Hecker Ich bemühe mich, die Schüler so weit zu bringen, dass sie, wenn sie im Grundschulalter zu uns kommen, mit dem Eintritt in die Pubertät die Musik spielen können, die ihrer Lebenswirklichkeit entspricht. Das klappt natürlich nicht immer. Aber wenn das gelingt, wenn sie Pop-Songs oder Filmmusiken spielen können, dann kann es sein, dass die Schüler auch in der Pubertät bei der Stange bleiben.
Wie kann man vermitteln, dass Musik Spaß und nicht Zwang sein soll?
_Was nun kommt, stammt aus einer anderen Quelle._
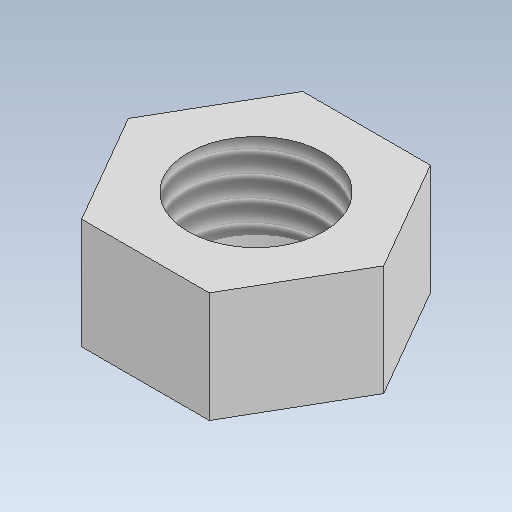
# Autodesk Inventor part: M8_nut_6.5mm
Saved by Autodesk Inventor 2020.3 (Build 243373000, 373)
## iProperties
Created: 2021-03-23
Part Number: M8_nut_6.5mm
Material: Ogólny
Document SubType Name: Modeling
Designer: patry
Density: 1 g/cm^3
Appearance: Domyślna
Author: patry
Autodesk Inventor part; units mm, degrees
ref_plane "YZ Plane" through (0, 0, 0) normal (1, 0, 0) x (0, 1, 0)
ref_plane "XZ Plane" through (0, 0, 0) normal (0, 1, 0) x (-1, 0, 0)
ref_plane "XY Plane" through (0, 0, 0) normal (0, 0, 1) x (1, 0, 0)
sketch "Szkic1" plane through (0, 0, 0) normal (0, 1, 0) x (-1, 0, 0)
  line L0 (-3.7528, -6.5) -> (-7.5056, 0)
  line L1 (-7.5056, 0) -> (-3.7528, 6.5)
  line L2 (-3.7528, 6.5) -> (3.7528, 6.5)
  line L3 (3.7528, 6.5) -> (7.5056, 0)
  line L4 (7.5056, 0) -> (3.7528, -6.5)
  line L5 (3.7528, -6.5) -> (-3.7528, -6.5)
  circle A0 centre (0, 0) radius 4
  dimension "d0" = 13
  dimension "d1" = 8
  constraints: 12 end point, 2 coincident, 1 centre point, 13 other
  measures "d0" distance between parallel lines of L2 L5
  measures "d1" diameter of A0
extrude "Wyciągnięcie proste1" add sketch "Szkic1" along normal blind 6.5
thread "Gwint1" size "M8x1.25" class "6H" standard "ANSI Metric M Profile" length 5
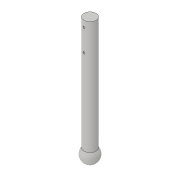
# Autodesk Inventor part: stik
Saved by Autodesk Inventor 2019 (Build 230136000, 136)
## iProperties
Created: 2020-02-15
Part Number: stik
Material: Generic
Document SubType Name: Modeling
Designer: Pranav naik
Density: 1 g/cm^3
Appearance: Default
Author: Pranav naik
Autodesk Inventor part; units mm, degrees
ref_plane "YZ Plane" through (0, 0, 0) normal (1, 0, 0) x (0, 1, 0)
ref_plane "XZ Plane" through (0, 0, 0) normal (0, 1, 0) x (-1, 0, 0)
ref_plane "XY Plane" through (0, 0, 0) normal (0, 0, 1) x (1, 0, 0)
sketch "Sketch1" plane through (0, 0, 0) normal (0, 0, 1) x (1, 0, 0)
  arc A0 (-7.5, 6.6144) -> (0, -10) centre (0, 0) ccw
  line L0 (0, 10) -> (0, -10)
  line L1 (-7.5, 6.6144) -> (0, 6.6144)
  dimension "d2" = 20
  constraints: 4 end point, 2 point on circle, 1 centre point, 1 horizontal, 1 point on line
  measures "d2" distance of L0.end L0.start
revolve "Revolution1" add sketch "Sketch1" angle 360 about axis through (0, 10, 0) along (0, -1, 0)
sketch "Sketch2" plane through (0, 6.6144, 0) normal (0, 1, 0) x (1, 0, 0)
  circle A0 centre (0, 0) radius 7.5
  constraints: 1 centre point, 1 coincident
extrude "Extrusion1" add sketch "Sketch2" along normal blind 140
sketch "Sketch3" plane through (0, 0, 0) normal (0, 0, 1) x (1, 0, 0)
  circle A0 centre (0, 111.8832) radius 1.25
  circle A1 centre (0, 139.0232) radius 1.25
  point P0 (0, 0)
  dimension "d8" = 2.5
  dimension "d9" = 2.5
  constraints: 2 centre point
  measures "d8" diameter of A0
  measures "d9" diameter of A1
extrude "Extrusion2" cut sketch "Sketch3" along normal mid plane 140
body "Solid1"
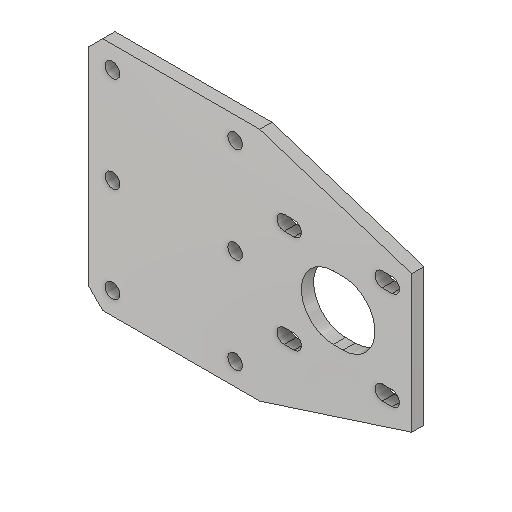
# Autodesk Inventor part: LC_ALU_3mm_X_axis_belt_idler_mount_plate
Saved by Autodesk Inventor 2026.1 (Build 301233000, 233)
## iProperties
Created: 2018-07-10
Part Number: LC_ALU_3mm_X_axis_belt_idler_mount_plate
Material: Aluminum 6061-AHC
Document SubType Name: Modeling
Designer: Andrzej
Density: 2.7 g/cm^3
Appearance: Aluminum - Polished
Author: Andrzej
Autodesk Inventor part; units mm, degrees
ref_plane "YZ Plane" through (0, 0, 0) normal (1, 0, 0) x (0, 1, 0)
ref_plane "XZ Plane" through (0, 0, 0) normal (0, 1, 0) x (-1, 0, 0)
ref_plane "XY Plane" through (0, 0, 0) normal (0, 0, 1) x (1, 0, 0)
sketch "Sketch1" plane through (0, 0, 0) normal (0, 0, 1) x (1, 0, 0)
  line L0 (-12.273, 14.9908) -> (-12.273, -33.0092)
  line L1 (-12.273, -33.0092) -> (22.727, -33.0092)
  line L2 (53.727, -23.0092) -> (53.727, 4.9908)
  line L3 (-12.273, 14.9908) -> (22.727, 14.9908)
  line L4 (22.727, 14.9908) -> (22.727, 4.9908)
  line L5 (22.727, 4.9908) -> (53.727, 4.9908)
  line L6 (22.727, 4.9908) -> (22.727, -33.0092)
  line L7 (53.727, -23.0092) -> (22.727, -23.0092)
  line L8 (22.727, -33.0092) -> (53.727, -23.0092)
  line L9 (53.727, 4.9908) -> (22.727, 14.9908)
  line L10 (29.727, 0.9908) -> (27.727, 0.9908) construction
  line L11 (29.727, 2.4908) -> (27.727, 2.4908)
  line L12 (27.727, -0.5092) -> (29.727, -0.5092)
  arc A0 (29.727, -0.5092) -> (29.727, 2.4908) centre (29.727, 0.9908) ccw
  arc A1 (27.727, 2.4908) -> (27.727, -0.5092) centre (27.727, 0.9908) ccw
  line L13 (49.727, 0.9908) -> (47.727, 0.9908) construction
  line L14 (49.727, 2.4908) -> (47.727, 2.4908)
  line L15 (47.727, -0.5092) -> (49.727, -0.5092)
  arc A2 (49.727, -0.5092) -> (49.727, 2.4908) centre (49.727, 0.9908) ccw
  arc A3 (47.727, 2.4908) -> (47.727, -0.5092) centre (47.727, 0.9908) ccw
  line L16 (29.727, -19.0092) -> (27.727, -19.0092) construction
  line L17 (29.727, -17.5092) -> (27.727, -17.5092)
  line L18 (27.727, -20.5092) -> (29.727, -20.5092)
  arc A4 (29.727, -20.5092) -> (29.727, -17.5092) centre (29.727, -19.0092) ccw
  arc A5 (27.727, -17.5092) -> (27.727, -20.5092) centre (27.727, -19.0092) ccw
  line L19 (49.727, -19.0092) -> (47.727, -19.0092) construction
  line L20 (49.727, -17.5092) -> (47.727, -17.5092)
  line L21 (47.727, -20.5092) -> (49.727, -20.5092)
  arc A6 (49.727, -20.5092) -> (49.727, -17.5092) centre (49.727, -19.0092) ccw
  arc A7 (47.727, -17.5092) -> (47.727, -20.5092) centre (47.727, -19.0092) ccw
  line L22 (39.727, -9.0092) -> (37.727, -9.0092) construction
  line L23 (39.727, -2.5092) -> (37.727, -2.5092)
  line L24 (37.727, -15.5092) -> (39.727, -15.5092)
  arc A8 (39.727, -15.5092) -> (39.727, -2.5092) centre (39.727, -9.0092) ccw
  arc A9 (37.727, -2.5092) -> (37.727, -15.5092) centre (37.727, -9.0092) ccw
  point P0 (0, 0)
  point P1 (-7.273, 10.4908)
  point P2 (-7.273, -9.0092)
  point P3 (-7.273, -28.5092)
  point P4 (17.727, 10.4908)
  point P5 (17.727, -9.0092)
  point P6 (17.727, -28.5092)
  point P7 (28.727, 0.9908)
  point P8 (48.727, 0.9908)
  point P9 (28.727, -19.0092)
  point P10 (48.727, -19.0092)
  point P11 (38.727, -9.0092)
  dimension "d0" = 48
  dimension "d2" = 28
  dimension "d3" = 35
  dimension "d4" = 5
  dimension "d5" = 5
  dimension "d6" = 4.5
  dimension "d7" = 4.5
  dimension "d8" = 24
  dimension "d9" = 20
  dimension "d10" = 20
  dimension "d13" = 10
  dimension "d14" = 10
  dimension "d44" = 4
  dimension "d45" = 66
  dimension "d46" = 4
  dimension "d47" = 10
  dimension "d53" = 31
  dimension "d54" = 2
  dimension "d55" = 3
  dimension "d56" = 2
  dimension "d57" = 3
  dimension "d58" = 2
  dimension "d59" = 3
  dimension "d60" = 2
  dimension "d61" = 3
  dimension "d62" = 2
  dimension "d63" = 13
  constraints: 60 end point, 20 point on circle, 20 tangent, 10 centre point, 6 parallel, 6 vertical alignment, 5 horizontal alignment, 5 midpoint, 5 perpendicular, 3 horizontal, 3 point on line, 2 vertical
  measures "d0" distance of L0.start L0.end
  measures "d2" distance of L2.start L2.end
  measures "d3" distance of L0.start L3.end
  measures "d4" distance from line of L0 point (-7.273, 10.491)
  measures "d5" distance from line of L4 point (17.727, 10.491)
  measures "d6" distance from line of L3 point (-7.273, 10.491)
  measures "d7" distance from line of L1 point (-7.273, -28.509)
  measures "d8" distance from line of L3 point (-7.273, -9.009)
  measures "d9" distance of L16.start L10.start
  measures "d10" distance of L10.start L13.start
  measures "d13" horizontal distance of L10.start L22.start
  measures "d14" horizontal distance of L16.start L22.start
  measures "d44" distance from line of L2 L19.start
  measures "d45" distance between parallel lines of L0 L2
  measures "d46" distance from line of L7 L19.start
  measures "d47" distance between parallel lines of L1 L7
  measures "d53" distance of L4.end L2.end
  measures "d54" distance of L10.start L10.end
  measures "d55" diameter of A1
  measures "d56" distance of L13.start L13.end
  measures "d57" diameter of A3
  measures "d58" distance of L16.start L16.end
  measures "d59" diameter of A5
  measures "d60" distance of L19.start L19.end
  measures "d61" diameter of A7
  measures "d62" distance of L22.start L22.end
  measures "d63" diameter of A9
extrude "Extrusion1" add sketch "Sketch1" along normal blind 2.5
hole "Hole1" at (-7.273, 10.4908, 0) at (-7.273, -9.0092, 0) at (-7.273, -28.5092, 0) at (17.727, 10.4908, 0) at (17.727, -9.0092, 0) at (17.727, -28.5092, 0) direction (0, 0, 1) diameter 3 end through all
chamfer "Chamfer3" distance 3 angle 45 2 edges at (-12.273, -33.0092, 1.25) (-12.273, 14.9908, 1.25)
equation "\"d5\" = d4"
equation "\"d10\" = d9"
equation "\"d13\" = 0.5 * d9"
equation "\"d14\" = d13"
equation "\"d44\" = d46"
equation "\"d46\" = -0.5 * d9 + 0.5 * d2"
equation "\"d47\" = -0.5 * d2 + 0.5 * d0"
body "Solid1"

Hecker Im Zentrum unserer Arbeit sollte immer das gemeinsame Musizieren stehen. Denn dann macht es einfach am meisten Freude. Die Realität ist aber leider so, dass viele unserer Schüler in den Unterricht kommen, ihr Instrument lernen und dann wieder nach Hause gehen. Aber beim gemeinsamen Musizieren passiert etwas. Auf ganz niederschwellige Weise schon, bei ganz kleinen Kindern, aber auch in jedem anderen Alter, gerade auch in der Pubertät. Wenn sich etwa jemand bei uns von einem unserer Ensembles abmeldet, dann ist es wahrscheinlich, dass er sich über kurz oder lang auch vom Instrumentalunterricht abmeldet. Denn der ist zwar auch wichtig, ist aber letztendlich nur Mittel zum Zweck. Das gemeinsame Musizieren ist und bleibt unsere Kernaufgabe an der Musikschule. Man lernt ein Instrument doch nicht, um alleine zu Hause zu spielen! Möglichkeiten zum gemeinsamen Spielen und Muszieren gibt es genug – sei es in einer Band, den Chören, dem Kammerorchester oder anderen Ensembles.